We have already seen the major vendors add some of this functionality into their baseline products. Expect to see more of this. After all, if something is a table stake, it simply cannot be left to someone else to include.
This will actually create follow-on effects in the rest of the industry. If, for instance, analytics are bundled with the baseline networking products, how will they be priced? In a commoditizing space, it seems difficult to license these separately over the long haul. And as these get rolled in as baseline features, what will the market tolerate for third-party pricing?
And this is all before we consider the role that cloud plays in these dynamics.
The role of partners
The shift from networks to networking also changes the role of channel partners. When the game was about the devices, the channel partners played a critical and lucrative part in making deals happen. When the emphasis shifts to operations, the opportunity for the channel changes.
The measure of a good partner will no longer be about vendor relationships and hardware pricing. Rather, a channel partner will differentiate based on their ability to offer support, services, and assistance with the migration towards next-generation operating practices. 
The smart channel partners have seen this writing on the wall for years. They have been adding software skills to their practices so that they can address the oncoming deluge of automation requests. Those that are caught flat-footed will find that they simply don’t add the value to justify any kind of premium, and they stand to be disintermediated as additional channels arise (especially with ODMs and systems integrators trying to move into this space).
What happens to sticky?
A nice knock-on effect to all of this is that the whole notion of sticky changes. In a world of protocols, patents provide a great way to make sure that your stuff is sticky. When everything moves to a smaller baseline set of protocols, all of which are open standard, sticky changes.

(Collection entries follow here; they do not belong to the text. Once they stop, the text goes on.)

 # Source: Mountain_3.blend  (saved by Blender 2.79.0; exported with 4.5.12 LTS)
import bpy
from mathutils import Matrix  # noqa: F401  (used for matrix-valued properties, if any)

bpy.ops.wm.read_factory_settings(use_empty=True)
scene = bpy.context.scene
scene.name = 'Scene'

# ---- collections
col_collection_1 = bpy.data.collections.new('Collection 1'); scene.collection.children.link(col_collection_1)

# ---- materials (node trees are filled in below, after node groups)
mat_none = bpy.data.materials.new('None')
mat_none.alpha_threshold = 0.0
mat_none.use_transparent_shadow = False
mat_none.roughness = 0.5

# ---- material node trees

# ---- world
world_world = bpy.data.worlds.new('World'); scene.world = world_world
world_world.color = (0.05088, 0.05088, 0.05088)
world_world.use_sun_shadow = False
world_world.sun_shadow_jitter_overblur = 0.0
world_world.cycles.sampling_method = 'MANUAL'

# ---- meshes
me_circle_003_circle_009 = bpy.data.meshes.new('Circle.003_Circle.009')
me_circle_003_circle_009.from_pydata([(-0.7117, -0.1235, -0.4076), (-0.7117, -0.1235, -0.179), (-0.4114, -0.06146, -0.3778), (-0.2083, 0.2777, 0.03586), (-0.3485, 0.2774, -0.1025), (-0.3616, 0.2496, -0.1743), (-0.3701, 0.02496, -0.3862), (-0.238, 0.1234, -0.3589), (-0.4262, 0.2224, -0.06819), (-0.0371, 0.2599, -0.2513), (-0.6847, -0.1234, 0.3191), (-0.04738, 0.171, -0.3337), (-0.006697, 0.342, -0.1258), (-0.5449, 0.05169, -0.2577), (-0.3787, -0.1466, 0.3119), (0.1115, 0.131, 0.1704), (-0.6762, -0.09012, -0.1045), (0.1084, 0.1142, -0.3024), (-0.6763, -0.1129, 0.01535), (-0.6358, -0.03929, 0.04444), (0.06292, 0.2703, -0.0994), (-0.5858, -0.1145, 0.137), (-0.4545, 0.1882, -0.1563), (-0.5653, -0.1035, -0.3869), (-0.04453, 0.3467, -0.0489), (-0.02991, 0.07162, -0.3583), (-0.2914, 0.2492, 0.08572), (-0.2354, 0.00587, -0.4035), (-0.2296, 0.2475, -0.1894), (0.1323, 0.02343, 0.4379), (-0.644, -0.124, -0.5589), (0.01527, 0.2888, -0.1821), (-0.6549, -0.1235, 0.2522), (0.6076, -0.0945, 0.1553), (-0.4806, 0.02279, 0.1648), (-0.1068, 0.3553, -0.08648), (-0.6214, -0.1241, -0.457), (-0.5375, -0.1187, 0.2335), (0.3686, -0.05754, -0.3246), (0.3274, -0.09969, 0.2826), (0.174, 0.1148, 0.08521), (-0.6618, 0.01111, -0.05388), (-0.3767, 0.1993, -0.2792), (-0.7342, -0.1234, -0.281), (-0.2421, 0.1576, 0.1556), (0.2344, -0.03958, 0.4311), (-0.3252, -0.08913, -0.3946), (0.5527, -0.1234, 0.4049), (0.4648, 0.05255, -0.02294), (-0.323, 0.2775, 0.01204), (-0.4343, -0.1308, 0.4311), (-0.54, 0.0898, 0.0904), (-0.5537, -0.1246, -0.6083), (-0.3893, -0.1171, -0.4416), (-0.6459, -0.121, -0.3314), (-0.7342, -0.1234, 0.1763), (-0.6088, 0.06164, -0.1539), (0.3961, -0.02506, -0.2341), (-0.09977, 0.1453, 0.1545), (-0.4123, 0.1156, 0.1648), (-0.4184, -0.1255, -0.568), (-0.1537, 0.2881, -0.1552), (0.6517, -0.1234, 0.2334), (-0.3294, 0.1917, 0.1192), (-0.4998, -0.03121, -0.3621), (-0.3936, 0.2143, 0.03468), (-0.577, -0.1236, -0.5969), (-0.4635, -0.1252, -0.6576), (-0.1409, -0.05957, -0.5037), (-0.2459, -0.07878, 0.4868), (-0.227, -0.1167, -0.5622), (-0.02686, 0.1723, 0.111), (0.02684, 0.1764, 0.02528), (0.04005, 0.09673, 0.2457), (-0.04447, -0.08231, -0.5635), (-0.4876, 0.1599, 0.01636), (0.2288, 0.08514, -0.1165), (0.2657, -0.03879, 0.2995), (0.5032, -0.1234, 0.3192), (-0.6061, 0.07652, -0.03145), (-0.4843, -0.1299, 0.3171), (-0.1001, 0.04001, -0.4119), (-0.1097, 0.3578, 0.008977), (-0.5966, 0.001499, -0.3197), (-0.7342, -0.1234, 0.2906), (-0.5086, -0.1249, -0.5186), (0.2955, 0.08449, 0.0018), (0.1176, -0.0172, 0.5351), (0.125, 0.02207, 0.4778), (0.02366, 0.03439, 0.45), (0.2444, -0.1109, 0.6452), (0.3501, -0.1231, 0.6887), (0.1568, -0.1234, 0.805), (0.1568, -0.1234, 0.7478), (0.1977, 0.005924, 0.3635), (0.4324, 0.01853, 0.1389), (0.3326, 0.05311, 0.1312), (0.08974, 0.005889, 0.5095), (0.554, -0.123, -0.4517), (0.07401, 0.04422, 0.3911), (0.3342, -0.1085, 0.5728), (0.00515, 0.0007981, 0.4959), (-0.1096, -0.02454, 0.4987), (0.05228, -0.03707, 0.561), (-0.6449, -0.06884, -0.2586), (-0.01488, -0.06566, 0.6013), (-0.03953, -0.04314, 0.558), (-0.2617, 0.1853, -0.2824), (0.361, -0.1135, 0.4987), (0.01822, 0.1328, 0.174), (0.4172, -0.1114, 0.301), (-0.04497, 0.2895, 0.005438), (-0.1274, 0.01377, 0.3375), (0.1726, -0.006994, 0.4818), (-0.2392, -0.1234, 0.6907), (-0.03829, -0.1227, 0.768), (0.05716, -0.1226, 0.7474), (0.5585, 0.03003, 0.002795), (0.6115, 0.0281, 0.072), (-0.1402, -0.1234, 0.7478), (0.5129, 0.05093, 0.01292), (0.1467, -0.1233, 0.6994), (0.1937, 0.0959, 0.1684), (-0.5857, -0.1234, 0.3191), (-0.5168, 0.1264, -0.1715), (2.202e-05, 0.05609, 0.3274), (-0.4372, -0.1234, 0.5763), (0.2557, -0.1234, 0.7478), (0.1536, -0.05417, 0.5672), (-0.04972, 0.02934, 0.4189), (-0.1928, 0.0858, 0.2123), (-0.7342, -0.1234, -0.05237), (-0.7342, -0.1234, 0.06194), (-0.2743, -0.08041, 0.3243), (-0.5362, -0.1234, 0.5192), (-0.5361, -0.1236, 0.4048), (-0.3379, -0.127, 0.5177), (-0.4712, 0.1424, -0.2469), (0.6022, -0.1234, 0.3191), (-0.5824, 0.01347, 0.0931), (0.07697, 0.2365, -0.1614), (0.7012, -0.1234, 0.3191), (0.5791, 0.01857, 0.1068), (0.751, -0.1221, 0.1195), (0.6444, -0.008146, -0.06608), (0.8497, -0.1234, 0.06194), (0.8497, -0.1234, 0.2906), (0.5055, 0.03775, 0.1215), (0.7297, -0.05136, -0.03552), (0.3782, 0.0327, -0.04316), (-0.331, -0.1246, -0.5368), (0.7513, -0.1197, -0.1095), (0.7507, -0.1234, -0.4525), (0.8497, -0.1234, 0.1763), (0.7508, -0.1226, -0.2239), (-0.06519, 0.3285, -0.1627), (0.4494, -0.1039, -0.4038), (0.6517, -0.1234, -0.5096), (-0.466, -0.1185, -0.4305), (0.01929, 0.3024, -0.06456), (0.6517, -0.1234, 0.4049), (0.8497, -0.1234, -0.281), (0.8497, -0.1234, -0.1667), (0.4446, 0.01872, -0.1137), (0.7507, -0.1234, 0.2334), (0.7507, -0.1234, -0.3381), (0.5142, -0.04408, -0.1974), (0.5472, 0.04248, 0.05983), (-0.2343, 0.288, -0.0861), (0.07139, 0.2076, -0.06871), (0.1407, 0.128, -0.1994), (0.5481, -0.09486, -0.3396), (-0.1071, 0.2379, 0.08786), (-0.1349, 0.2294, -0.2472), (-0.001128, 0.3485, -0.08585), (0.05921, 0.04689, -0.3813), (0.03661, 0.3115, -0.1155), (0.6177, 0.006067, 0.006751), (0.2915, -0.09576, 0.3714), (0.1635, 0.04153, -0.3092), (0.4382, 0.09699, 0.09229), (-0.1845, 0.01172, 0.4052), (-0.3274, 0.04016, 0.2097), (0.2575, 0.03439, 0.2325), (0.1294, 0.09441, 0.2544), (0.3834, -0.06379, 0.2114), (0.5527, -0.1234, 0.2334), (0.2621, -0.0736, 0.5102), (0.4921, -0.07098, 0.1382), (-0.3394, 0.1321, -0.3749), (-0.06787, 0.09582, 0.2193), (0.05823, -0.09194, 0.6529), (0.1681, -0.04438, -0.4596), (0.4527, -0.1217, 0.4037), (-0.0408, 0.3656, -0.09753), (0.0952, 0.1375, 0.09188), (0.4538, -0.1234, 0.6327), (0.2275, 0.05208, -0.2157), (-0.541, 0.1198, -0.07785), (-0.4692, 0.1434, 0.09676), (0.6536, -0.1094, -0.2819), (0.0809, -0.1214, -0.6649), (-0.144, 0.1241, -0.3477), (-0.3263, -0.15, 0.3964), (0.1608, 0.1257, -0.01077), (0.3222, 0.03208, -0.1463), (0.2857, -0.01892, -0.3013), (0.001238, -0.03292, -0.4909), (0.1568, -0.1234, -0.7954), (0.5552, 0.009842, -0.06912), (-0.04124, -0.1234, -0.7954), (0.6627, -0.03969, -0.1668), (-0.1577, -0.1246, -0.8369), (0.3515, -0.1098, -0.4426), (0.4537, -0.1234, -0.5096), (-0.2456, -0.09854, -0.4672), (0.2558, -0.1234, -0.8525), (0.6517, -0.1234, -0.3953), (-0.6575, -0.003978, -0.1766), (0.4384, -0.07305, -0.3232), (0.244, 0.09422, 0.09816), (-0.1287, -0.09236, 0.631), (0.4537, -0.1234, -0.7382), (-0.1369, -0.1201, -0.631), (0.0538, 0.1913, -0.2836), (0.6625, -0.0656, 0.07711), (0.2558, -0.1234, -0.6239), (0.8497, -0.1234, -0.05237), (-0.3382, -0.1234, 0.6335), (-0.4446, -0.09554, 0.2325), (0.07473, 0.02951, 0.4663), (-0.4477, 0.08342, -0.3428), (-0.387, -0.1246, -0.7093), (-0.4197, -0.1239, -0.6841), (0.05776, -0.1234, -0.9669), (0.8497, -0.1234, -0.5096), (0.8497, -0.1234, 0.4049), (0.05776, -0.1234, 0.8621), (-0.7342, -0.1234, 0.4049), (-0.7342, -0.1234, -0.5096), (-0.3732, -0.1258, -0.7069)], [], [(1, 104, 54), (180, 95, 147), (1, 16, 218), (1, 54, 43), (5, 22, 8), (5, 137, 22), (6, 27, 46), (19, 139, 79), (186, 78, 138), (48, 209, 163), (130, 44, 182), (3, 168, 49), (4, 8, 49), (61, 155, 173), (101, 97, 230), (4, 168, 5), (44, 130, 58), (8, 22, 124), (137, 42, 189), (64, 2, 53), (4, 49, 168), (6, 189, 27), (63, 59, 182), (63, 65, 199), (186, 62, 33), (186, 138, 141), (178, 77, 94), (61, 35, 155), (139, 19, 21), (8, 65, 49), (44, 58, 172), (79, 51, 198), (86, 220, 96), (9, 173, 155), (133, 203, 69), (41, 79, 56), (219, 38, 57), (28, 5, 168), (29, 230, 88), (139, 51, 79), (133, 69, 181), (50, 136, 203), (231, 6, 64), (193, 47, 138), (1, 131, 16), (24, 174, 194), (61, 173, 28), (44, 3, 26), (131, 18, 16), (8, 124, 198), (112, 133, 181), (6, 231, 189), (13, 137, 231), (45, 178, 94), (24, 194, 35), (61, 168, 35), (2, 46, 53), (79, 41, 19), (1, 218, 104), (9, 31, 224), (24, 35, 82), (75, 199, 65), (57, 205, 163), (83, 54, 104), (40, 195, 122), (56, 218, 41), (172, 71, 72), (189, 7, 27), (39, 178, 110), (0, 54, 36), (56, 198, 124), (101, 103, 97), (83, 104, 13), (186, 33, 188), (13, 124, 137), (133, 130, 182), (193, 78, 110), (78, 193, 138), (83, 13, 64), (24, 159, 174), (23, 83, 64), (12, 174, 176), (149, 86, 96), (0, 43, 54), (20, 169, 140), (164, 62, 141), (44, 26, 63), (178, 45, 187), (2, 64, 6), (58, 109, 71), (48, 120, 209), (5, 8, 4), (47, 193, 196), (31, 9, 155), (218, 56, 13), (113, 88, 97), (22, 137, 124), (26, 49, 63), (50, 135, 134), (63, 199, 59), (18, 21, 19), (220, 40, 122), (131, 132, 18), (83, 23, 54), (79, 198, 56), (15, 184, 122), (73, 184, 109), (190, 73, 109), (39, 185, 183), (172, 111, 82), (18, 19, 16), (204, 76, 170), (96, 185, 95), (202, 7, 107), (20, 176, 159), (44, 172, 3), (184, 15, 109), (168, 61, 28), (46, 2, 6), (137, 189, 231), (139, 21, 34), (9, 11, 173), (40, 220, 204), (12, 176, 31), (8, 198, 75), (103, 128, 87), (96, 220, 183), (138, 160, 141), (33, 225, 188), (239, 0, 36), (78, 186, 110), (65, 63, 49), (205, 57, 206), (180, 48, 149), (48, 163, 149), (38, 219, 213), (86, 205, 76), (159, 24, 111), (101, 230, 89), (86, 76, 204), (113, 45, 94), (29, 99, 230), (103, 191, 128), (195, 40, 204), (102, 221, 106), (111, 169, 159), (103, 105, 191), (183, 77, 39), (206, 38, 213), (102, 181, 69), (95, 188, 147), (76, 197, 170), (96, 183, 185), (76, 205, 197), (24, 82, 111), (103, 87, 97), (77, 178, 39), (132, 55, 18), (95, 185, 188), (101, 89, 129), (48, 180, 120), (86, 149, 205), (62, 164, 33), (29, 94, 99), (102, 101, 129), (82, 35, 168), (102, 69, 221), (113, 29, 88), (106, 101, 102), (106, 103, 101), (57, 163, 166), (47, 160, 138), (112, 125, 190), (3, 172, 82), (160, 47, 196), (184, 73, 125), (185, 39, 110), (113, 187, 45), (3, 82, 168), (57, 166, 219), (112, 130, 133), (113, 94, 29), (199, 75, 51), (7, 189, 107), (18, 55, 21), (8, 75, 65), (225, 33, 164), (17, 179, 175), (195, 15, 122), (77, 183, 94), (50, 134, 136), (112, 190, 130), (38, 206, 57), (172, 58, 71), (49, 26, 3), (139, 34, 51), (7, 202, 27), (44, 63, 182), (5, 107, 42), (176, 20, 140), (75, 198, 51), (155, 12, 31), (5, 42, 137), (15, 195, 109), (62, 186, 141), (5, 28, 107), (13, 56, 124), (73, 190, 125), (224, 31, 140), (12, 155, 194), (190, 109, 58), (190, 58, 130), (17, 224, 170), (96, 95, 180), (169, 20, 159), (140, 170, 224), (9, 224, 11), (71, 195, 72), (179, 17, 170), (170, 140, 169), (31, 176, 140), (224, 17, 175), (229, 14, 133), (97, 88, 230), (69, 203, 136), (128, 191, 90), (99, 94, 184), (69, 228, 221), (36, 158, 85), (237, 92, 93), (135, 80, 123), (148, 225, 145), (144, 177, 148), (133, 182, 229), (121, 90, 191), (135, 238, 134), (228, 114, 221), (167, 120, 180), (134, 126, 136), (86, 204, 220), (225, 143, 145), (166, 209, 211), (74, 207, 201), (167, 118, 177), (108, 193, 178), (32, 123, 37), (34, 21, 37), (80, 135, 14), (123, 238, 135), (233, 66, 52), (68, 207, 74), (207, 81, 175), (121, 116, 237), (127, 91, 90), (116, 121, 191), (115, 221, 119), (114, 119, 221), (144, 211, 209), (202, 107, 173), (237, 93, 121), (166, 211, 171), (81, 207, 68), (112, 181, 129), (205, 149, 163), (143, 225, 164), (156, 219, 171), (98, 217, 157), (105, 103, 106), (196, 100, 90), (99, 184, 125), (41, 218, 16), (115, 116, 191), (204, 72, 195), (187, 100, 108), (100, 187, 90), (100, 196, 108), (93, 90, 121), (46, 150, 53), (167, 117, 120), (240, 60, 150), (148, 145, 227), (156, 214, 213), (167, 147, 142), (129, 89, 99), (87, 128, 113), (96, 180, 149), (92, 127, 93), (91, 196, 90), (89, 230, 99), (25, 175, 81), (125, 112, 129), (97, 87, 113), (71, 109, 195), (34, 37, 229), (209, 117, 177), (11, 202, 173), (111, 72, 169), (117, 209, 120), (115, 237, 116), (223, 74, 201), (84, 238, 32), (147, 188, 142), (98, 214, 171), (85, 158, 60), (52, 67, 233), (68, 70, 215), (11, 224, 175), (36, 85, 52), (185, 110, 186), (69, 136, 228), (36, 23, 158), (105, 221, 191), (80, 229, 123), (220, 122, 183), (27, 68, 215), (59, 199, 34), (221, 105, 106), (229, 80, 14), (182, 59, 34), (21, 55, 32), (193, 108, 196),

Sticky ought to be more about how well a vendor or partner understands your operational practices. Sticky ought to focus on the workflows and the tools and the integrations that power the people behind the network. Sticky ought to have some notion of understanding how IT supports or even drives the business. The context that surrounds why the network exists is more important than the context that determines how the wires are cabled. And in the new world order, that will be the kind of sticky that benefits everyone.
The bottom line
We are in the middle of a change. It’s not just a technology change. It’s a fundamental evolution beyond the boxes that define the infrastructure. The practice of networking is what needs help now. 
This change might seem subtle but it is going to alter forever how each of us acts. The things we think are important are already changing. How we interact with each other will change. Who we invite to the meetings will change. And how we ultimately make decisions will change. 
This means that the future will be defined less by the devices and more by all the things that surround those devices. Support and services have to evolve rapidly. Failure to make this change will lead to companies becoming basically irrelevant going forward. Not everyone survives evolution. Its kind of the purpose of evolution.